I’d also tender as evidence my upper right arm, having foolishly given my partner permission to punch me anytime I uttered, “Honey, I really miss the Tucson”.
The deep purple bruising has only just started to fade.
Farewell
EAVESDROP on a typical pub conversation, especially around election time, and it’s clear just how easy it must be to do someone else’s job. Running the country? Pah, nothin’ to it; just ask any schooner-swilling scholar of the Westminster system.
I figured the same may be true for automotive product planning and model development. I have zero experience working for a car company so I’ve no idea of the constraints that these people must work within. Therefore, of course, I could do their job. I’m probably overqualified.
So as the Hyundai Tucson leaves the Wheels garage, and I reflect on the largely positive ownership experience over the last six months, I thought I’d offer some friendly product-planning advice to Hyundai regarding what could be improved with the facelift.
My first missive would be to tell the styling department to put down the crayons and step away from the clay model. The exterior design is excellent and there’s no reason to waste money messing with it. Okay, consider upgrading the rear lights to LEDs, and maybe a discreet Series II badge, but that’s it. I’d say buck conventional wisdom; bin the plans for new bumpers and wheel designs, and spend the money on things customers are actually going to appreciate, like an interior upgrade and plumping up the standard equipment.

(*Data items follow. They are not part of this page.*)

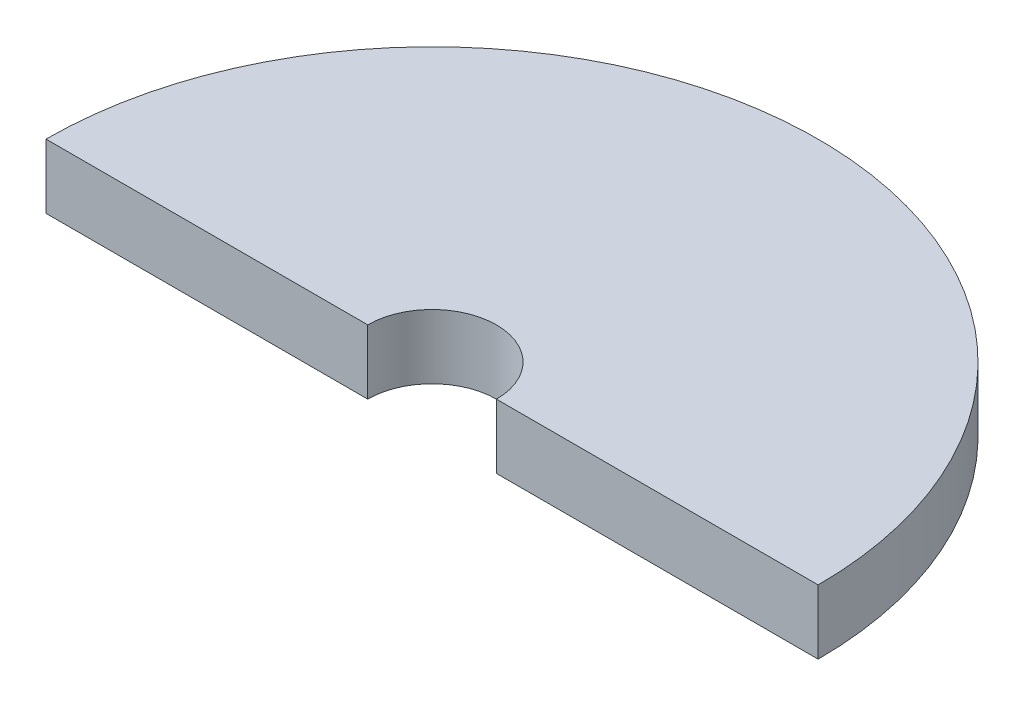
ISO-10303-21;
HEADER;
FILE_DESCRIPTION(('STEP AP214'),'2;1');
FILE_NAME('part.step','',(''),(''),'','','');
FILE_SCHEMA(('AUTOMOTIVE_DESIGN { 1 0 10303 214 1 1 1 1 }'));
ENDSEC;
DATA;
#1=APPLICATION_CONTEXT('core data for automotive mechanical design processes');
#2=APPLICATION_PROTOCOL_DEFINITION('international standard','automotive_design',2000,#1);
#3=PRODUCT_CONTEXT('',#1,'mechanical');
#4=PRODUCT('Part','Part','',(#3));
#5=PRODUCT_RELATED_PRODUCT_CATEGORY('part','',(#4));
#6=PRODUCT_DEFINITION_FORMATION('','',#4);
#7=PRODUCT_DEFINITION_CONTEXT('part definition',#1,'design');
#8=PRODUCT_DEFINITION('design','',#6,#7);
#9=PRODUCT_DEFINITION_SHAPE('','',#8);
#10=(LENGTH_UNIT() NAMED_UNIT(*) SI_UNIT(.MILLI.,.METRE.));
#11=(NAMED_UNIT(*) PLANE_ANGLE_UNIT() SI_UNIT($,.RADIAN.));
#12=(NAMED_UNIT(*) SI_UNIT($,.STERADIAN.) SOLID_ANGLE_UNIT());
#13=UNCERTAINTY_MEASURE_WITH_UNIT(LENGTH_MEASURE(1.E-05),#10,'distance_accuracy_value','');
#14=(GEOMETRIC_REPRESENTATION_CONTEXT(3) GLOBAL_UNCERTAINTY_ASSIGNED_CONTEXT((#13)) GLOBAL_UNIT_ASSIGNED_CONTEXT((#10,
#11,#12)) REPRESENTATION_CONTEXT('',''));
#15=CARTESIAN_POINT('',(0.,0.,0.));
#16=DIRECTION('',(0.,0.,1.));
#17=DIRECTION('',(1.,0.,0.));
#18=AXIS2_PLACEMENT_3D('',#15,#16,#17);
#19=CARTESIAN_POINT('',(0.,1.,0.));
#20=DIRECTION('',(0.,1.,0.));
#21=DIRECTION('',(0.,0.,1.));
#22=AXIS2_PLACEMENT_3D('',#19,#20,#21);
#23=PLANE('',#22);
#24=CARTESIAN_POINT('',(0.,1.,0.));
#25=DIRECTION('',(0.,1.,0.));
#26=DIRECTION('',(0.,0.,1.));
#27=AXIS2_PLACEMENT_3D('',#24,#25,#26);
#28=CIRCLE('',#27,6.);
#29=CARTESIAN_POINT('',(6.,1.,0.));
#30=VERTEX_POINT('',#29);
#31=CARTESIAN_POINT('',(-5.99999999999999,1.,0.));
#32=VERTEX_POINT('',#31);
#33=EDGE_CURVE('E87',#30,#32,#28,.T.);
#34=ORIENTED_EDGE('',*,*,#33,.T.);
#35=DIRECTION('',(1.,0.,0.));
#36=VECTOR('',#35,1.);
#37=CARTESIAN_POINT('',(0.,1.,0.));
#38=LINE('',#37,#36);
#39=CARTESIAN_POINT('',(-1.,1.,0.));
#40=VERTEX_POINT('',#39);
#41=EDGE_CURVE('E102',#32,#40,#38,.T.);
#42=ORIENTED_EDGE('',*,*,#41,.T.);
#43=CARTESIAN_POINT('',(0.,1.,0.));
#44=DIRECTION('',(0.,1.,0.));
#45=DIRECTION('',(0.,0.,1.));
#46=AXIS2_PLACEMENT_3D('',#43,#44,#45);
#47=CIRCLE('',#46,1.);
#48=CARTESIAN_POINT('',(1.,1.,0.));
#49=VERTEX_POINT('',#48);
#50=EDGE_CURVE('E90',#49,#40,#47,.T.);
#51=ORIENTED_EDGE('',*,*,#50,.F.);
#52=EDGE_CURVE('E55',#49,#30,#38,.T.);
#53=ORIENTED_EDGE('',*,*,#52,.T.);
#54=EDGE_LOOP('',(#34,#42,#51,#53));
#55=FACE_BOUND('',#54,.T.);
#56=ADVANCED_FACE('F33',(#55),#23,.T.);
#57=CARTESIAN_POINT('',(0.,0.,0.));
#58=DIRECTION('',(0.,1.,0.));
#59=DIRECTION('',(0.,0.,1.));
#60=AXIS2_PLACEMENT_3D('',#57,#58,#59);
#61=PLANE('',#60);
#62=DIRECTION('',(-1.,0.,0.));
#63=VECTOR('',#62,1.);
#64=CARTESIAN_POINT('',(0.,0.,0.));
#65=LINE('',#64,#63);
#66=CARTESIAN_POINT('',(-1.,0.,0.));
#67=VERTEX_POINT('',#66);
#68=CARTESIAN_POINT('',(-5.99999999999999,0.,0.));
#69=VERTEX_POINT('',#68);
#70=EDGE_CURVE('E48',#67,#69,#65,.T.);
#71=ORIENTED_EDGE('',*,*,#70,.T.);
#72=CARTESIAN_POINT('',(0.,0.,0.));
#73=DIRECTION('',(0.,1.,0.));
#74=DIRECTION('',(0.,0.,1.));
#75=AXIS2_PLACEMENT_3D('',#72,#73,#74);
#76=CIRCLE('',#75,6.);
#77=CARTESIAN_POINT('',(6.,0.,0.));
#78=VERTEX_POINT('',#77);
#79=EDGE_CURVE('E85',#78,#69,#76,.T.);
#80=ORIENTED_EDGE('',*,*,#79,.F.);
#81=CARTESIAN_POINT('',(1.,0.,0.));
#82=VERTEX_POINT('',#81);
#83=EDGE_CURVE('E71',#78,#82,#65,.T.);
#84=ORIENTED_EDGE('',*,*,#83,.T.);
#85=CARTESIAN_POINT('',(0.,0.,0.));
#86=DIRECTION('',(0.,1.,0.));
#87=DIRECTION('',(0.,0.,1.));
#88=AXIS2_PLACEMENT_3D('',#85,#86,#87);
#89=CIRCLE('',#88,1.);
#90=EDGE_CURVE('E94',#82,#67,#89,.T.);
#91=ORIENTED_EDGE('',*,*,#90,.T.);
#92=EDGE_LOOP('',(#71,#80,#84,#91));
#93=FACE_BOUND('',#92,.T.);
#94=ADVANCED_FACE('F89',(#93),#61,.F.);
#95=CARTESIAN_POINT('',(0.,1.,0.));
#96=DIRECTION('',(0.,-1.,0.));
#97=DIRECTION('',(0.,0.,-1.));
#98=AXIS2_PLACEMENT_3D('',#95,#96,#97);
#99=CYLINDRICAL_SURFACE('',#98,6.);
#100=DIRECTION('',(0.,1.,0.));
#101=VECTOR('',#100,1.);
#102=CARTESIAN_POINT('',(-5.99999999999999,0.,0.));
#103=LINE('',#102,#101);
#104=EDGE_CURVE('E79',#69,#32,#103,.T.);
#105=ORIENTED_EDGE('',*,*,#104,.T.);
#106=ORIENTED_EDGE('',*,*,#33,.F.);
#107=DIRECTION('',(0.,1.,0.));
#108=VECTOR('',#107,1.);
#109=CARTESIAN_POINT('',(6.,0.,0.));
#110=LINE('',#109,#108);
#111=EDGE_CURVE('E74',#78,#30,#110,.T.);
#112=ORIENTED_EDGE('',*,*,#111,.F.);
#113=ORIENTED_EDGE('',*,*,#79,.T.);
#114=EDGE_LOOP('',(#105,#106,#112,#113));
#115=FACE_BOUND('',#114,.T.);
#116=ADVANCED_FACE('F35',(#115),#99,.T.);
#117=CARTESIAN_POINT('',(0.,1.,0.));
#118=DIRECTION('',(0.,-1.,0.));
#119=DIRECTION('',(0.,0.,-1.));
#120=AXIS2_PLACEMENT_3D('',#117,#118,#119);
#121=CYLINDRICAL_SURFACE('',#120,1.);
#122=ORIENTED_EDGE('',*,*,#50,.T.);
#123=DIRECTION('',(0.,-1.,0.));
#124=VECTOR('',#123,1.);
#125=CARTESIAN_POINT('',(-1.,1.,0.));
#126=LINE('',#125,#124);
#127=EDGE_CURVE('E11',#40,#67,#126,.T.);
#128=ORIENTED_EDGE('',*,*,#127,.T.);
#129=ORIENTED_EDGE('',*,*,#90,.F.);
#130=DIRECTION('',(0.,-1.,0.));
#131=VECTOR('',#130,1.);
#132=CARTESIAN_POINT('',(1.,1.,0.));
#133=LINE('',#132,#131);
#134=EDGE_CURVE('E41',#82,#49,#133,.F.);
#135=ORIENTED_EDGE('',*,*,#134,.T.);
#136=EDGE_LOOP('',(#122,#128,#129,#135));
#137=FACE_BOUND('',#136,.T.);
#138=ADVANCED_FACE('F99',(#137),#121,.F.);
#139=CARTESIAN_POINT('',(0.,1.,0.));
#140=DIRECTION('',(0.,0.,1.));
#141=DIRECTION('',(1.,0.,0.));
#142=AXIS2_PLACEMENT_3D('',#139,#140,#141);
#143=PLANE('',#142);
#144=ORIENTED_EDGE('',*,*,#83,.F.);
#145=ORIENTED_EDGE('',*,*,#111,.T.);
#146=ORIENTED_EDGE('',*,*,#52,.F.);
#147=ORIENTED_EDGE('',*,*,#134,.F.);
#148=EDGE_LOOP('',(#144,#145,#146,#147));
#149=FACE_BOUND('',#148,.T.);
#150=ADVANCED_FACE('F73',(#149),#143,.T.);
#151=ORIENTED_EDGE('',*,*,#41,.F.);
#152=ORIENTED_EDGE('',*,*,#104,.F.);
#153=ORIENTED_EDGE('',*,*,#70,.F.);
#154=ORIENTED_EDGE('',*,*,#127,.F.);
#155=EDGE_LOOP('',(#151,#152,#153,#154));
#156=FACE_BOUND('',#155,.T.);
#157=ADVANCED_FACE('F105',(#156),#143,.T.);
#158=CLOSED_SHELL('',(#56,#94,#116,#138,#150,#157));
#159=MANIFOLD_SOLID_BREP('B2',#158);
#160=ADVANCED_BREP_SHAPE_REPRESENTATION('',(#18,#159),#14);
#161=SHAPE_DEFINITION_REPRESENTATION(#9,#160);
ENDSEC;
END-ISO-10303-21;

Let’s start with trim. The hard dash plastics and budget-looking door-trims need to go. Let’s have some more premium materials, extra padding, nice detail stitching and some flashes of aluminium instead. Line the doorbins to stop stuff rattling (hell, VW manage it in a base-model Golf). And add a proper pair of matching LED lights for the cargo compartment, not the existing dim little bulb that’s less bright than Bob Katter after a B&S ball.
While we’re back there in the cargo compartment, can I suggest adding remote releases for the rear seats? That’s the logical place for them, not on either side of the seats themselves, which make you move from one side of the car to the other just to prepare for a load.
Now, let’s sort the infotainment. Get someone to spend time in a top-spec Subaru Forester XT Premium and listen to its Harman Kardon sound system; that’s the benchmark for this class. Highlander needs a decent centre channel, a subwoofer and a serious amplification upgrade. And better speakers all round, especially in the back, where they sound like they were pulled out of a Taiwanese telephone. A DAB radio tuner is also surely mandatory for Highlander spec. And how about lobbing in a head-up display? The cheapest car in Oz with this feature is the Mazda 2 Genki, so cost excuses are running thin.
Keep the steering wheel; it’s sized right and the audio and cruise controls fall perfectly to each thumb, but could it be trimmed in something a little more tactile, please, rather than vinyl?
Now let’s whip up a job sheet for the engineering team. Top of the list: more NVH suppression for the diesel. I know it’s not bad, but it’s still way louder and more vibey than the Tucson turbo-petrol, and competitors like the CX-5 have closed this gap by a much greater margin. So consider addressing clatter, improving the engine mounts, and adding more firewall and under-bonnet sound-deadening.
Finally, the steering; a clear case of ‘reasonable, but could do better’. For my taste it’s a bit springy either side of centre, and at 2.7 turns it could be a little quicker. It would be ideal if it was benchmarked against the Ford Kuga and delivered that lovely, slick, well-damped yet responsive feel.
Okay, I suspect that some of these suggestions may be a case of easier said than done (hey, I’m an imposter, not a realist), but even if only some made it to the updated model, Tucson would make the step from excellent to outstanding.